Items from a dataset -
* * *
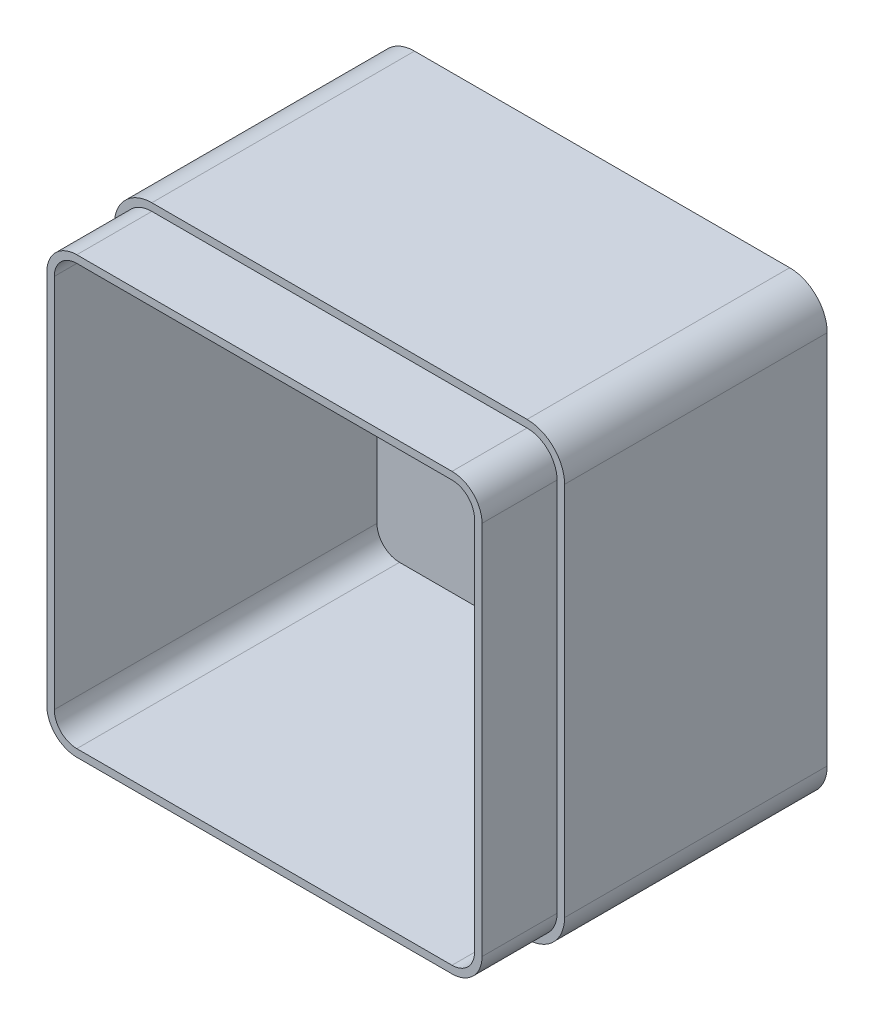
SolidWorks part; units mm, degrees
ref_plane "Front Plane" through (0, 0, 0) normal (0, 0, 1) x (1, 0, 0)
ref_plane "Top Plane" through (0, 0, 0) normal (0, 1, 0) x (1, 0, 0)
ref_plane "Right Plane" through (0, 0, 0) normal (1, 0, 0) x (0, 0, -1)
sketch "Sketch1" plane through (0, 0, 0) normal (0, 0, 1) x (1, 0, 0)
  line L1 (0, 0) -> (1200, 0)
  line L2 (0, 0) -> (0, 1200)
  line L3 (0, 1200) -> (1200, 1200)
  line L4 (1200, 0) -> (1200, 1200)
  dimension "D1" = 1200
  dimension "D2" = 1200
extrude "Boss-Extrude1" add sketch "Sketch1" along normal blind 900
fillet "Fillet1" radius 100 4 edges at (1200, 0, 450) (0, 0, 450) (1200, 1200, 450) (0, 1200, 450)
shell "Shell1" thickness 40
sketch "Sketch4" plane through (0, 0, 900) normal (0, 0, 1) x (1, 0, 0)
  line L4 (100, 0) -> (1100, 0)
  line L5 (1200, 100) -> (1200, 1100)
  line L6 (1100, 1200) -> (100, 1200)
  line L7 (0, 1100) -> (0, 100)
  line L8 (100, 0) -> (1100, 0)
  line L9 (1200, 100) -> (1200, 1100)
  line L10 (1100, 1200) -> (100, 1200)
  line L11 (0, 1100) -> (0, 100)
  line L16 (100, 20) -> (1100, 20)
  line L17 (1180, 100) -> (1180, 1100)
  line L18 (1100, 1180) -> (100, 1180)
  line L19 (20, 1100) -> (20, 100)
  line L20 (100, 20) -> (1100, 20)
  line L21 (1180, 100) -> (1180, 1100)
  line L22 (1100, 1180) -> (100, 1180)
  line L23 (20, 1100) -> (20, 100)
  arc A4 (1100, 0) -> (1200, 100) centre (1100, 100) ccw
  arc A5 (1200, 1100) -> (1100, 1200) centre (1100, 1100) ccw
  arc A6 (100, 1200) -> (0, 1100) centre (100, 1100) ccw
  arc A7 (0, 100) -> (100, 0) centre (100, 100) ccw
  arc A8 (1100, 0) -> (1200, 100) centre (1100, 100) ccw
  arc A9 (1200, 1100) -> (1100, 1200) centre (1100, 1100) ccw
  arc A10 (100, 1200) -> (0, 1100) centre (100, 1100) ccw
  arc A11 (0, 100) -> (100, 0) centre (100, 100) ccw
  arc A16 (1100, 20) -> (1180, 100) centre (1100, 100) ccw
  arc A17 (1180, 1100) -> (1100, 1180) centre (1100, 1100) ccw
  arc A18 (100, 1180) -> (20, 1100) centre (100, 1100) ccw
  arc A19 (20, 100) -> (100, 20) centre (100, 100) ccw
  arc A20 (1100, 20) -> (1180, 100) centre (1100, 100) ccw
  arc A21 (1180, 1100) -> (1100, 1180) centre (1100, 1100) ccw
  arc A22 (100, 1180) -> (20, 1100) centre (100, 1100) ccw
  arc A23 (20, 100) -> (100, 20) centre (100, 100) ccw
  dimension "D1" = 0
  dimension "D2" = 20
extrude "Cut-Extrude2" cut sketch "Sketch4" against normal blind 200
scale "Scale3" scale about origin uniform scaling yes scale factor 0.1
* * *
WORK INSTRUCTIONS - Pictures are to be left out while the lines from the beginning of the records through the line with "arc A8 (1100, 0)" are copied word for word.

RESPONSE AREA -
SolidWorks part; units mm, degrees
ref_plane "Front Plane" through (0, 0, 0) normal (0, 0, 1) x (1, 0, 0)
ref_plane "Top Plane" through (0, 0, 0) normal (0, 1, 0) x (1, 0, 0)
ref_plane "Right Plane" through (0, 0, 0) normal (1, 0, 0) x (0, 0, -1)
sketch "Sketch1" plane through (0, 0, 0) normal (0, 0, 1) x (1, 0, 0)
  line L1 (0, 0) -> (1200, 0)
  line L2 (0, 0) -> (0, 1200)
  line L3 (0, 1200) -> (1200, 1200)
  line L4 (1200, 0) -> (1200, 1200)
  dimension "D1" = 1200
  dimension "D2" = 1200
extrude "Boss-Extrude1" add sketch "Sketch1" along normal blind 900
fillet "Fillet1" radius 100 4 edges at (1200, 0, 450) (0, 0, 450) (1200, 1200, 450) (0, 1200, 450)
shell "Shell1" thickness 40
sketch "Sketch4" plane through (0, 0, 900) normal (0, 0, 1) x (1, 0, 0)
  line L4 (100, 0) -> (1100, 0)
  line L5 (1200, 100) -> (1200, 1100)
  line L6 (1100, 1200) -> (100, 1200)
  line L7 (0, 1100) -> (0, 100)
  line L8 (100, 0) -> (1100, 0)
  line L9 (1200, 100) -> (1200, 1100)
  line L10 (1100, 1200) -> (100, 1200)
  line L11 (0, 1100) -> (0, 100)
  line L16 (100, 20) -> (1100, 20)
  line L17 (1180, 100) -> (1180, 1100)
  line L18 (1100, 1180) -> (100, 1180)
  line L19 (20, 1100) -> (20, 100)
  line L20 (100, 20) -> (1100, 20)
  line L21 (1180, 100) -> (1180, 1100)
  line L22 (1100, 1180) -> (100, 1180)
  line L23 (20, 1100) -> (20, 100)
  arc A4 (1100, 0) -> (1200, 100) centre (1100, 100) ccw
  arc A5 (1200, 1100) -> (1100, 1200) centre (1100, 1100) ccw
  arc A6 (100, 1200) -> (0, 1100) centre (100, 1100) ccw
  arc A7 (0, 100) -> (100, 0) centre (100, 100) ccw
  arc A8 (1100, 0) -> (1200, 100) centre (1100, 100) ccw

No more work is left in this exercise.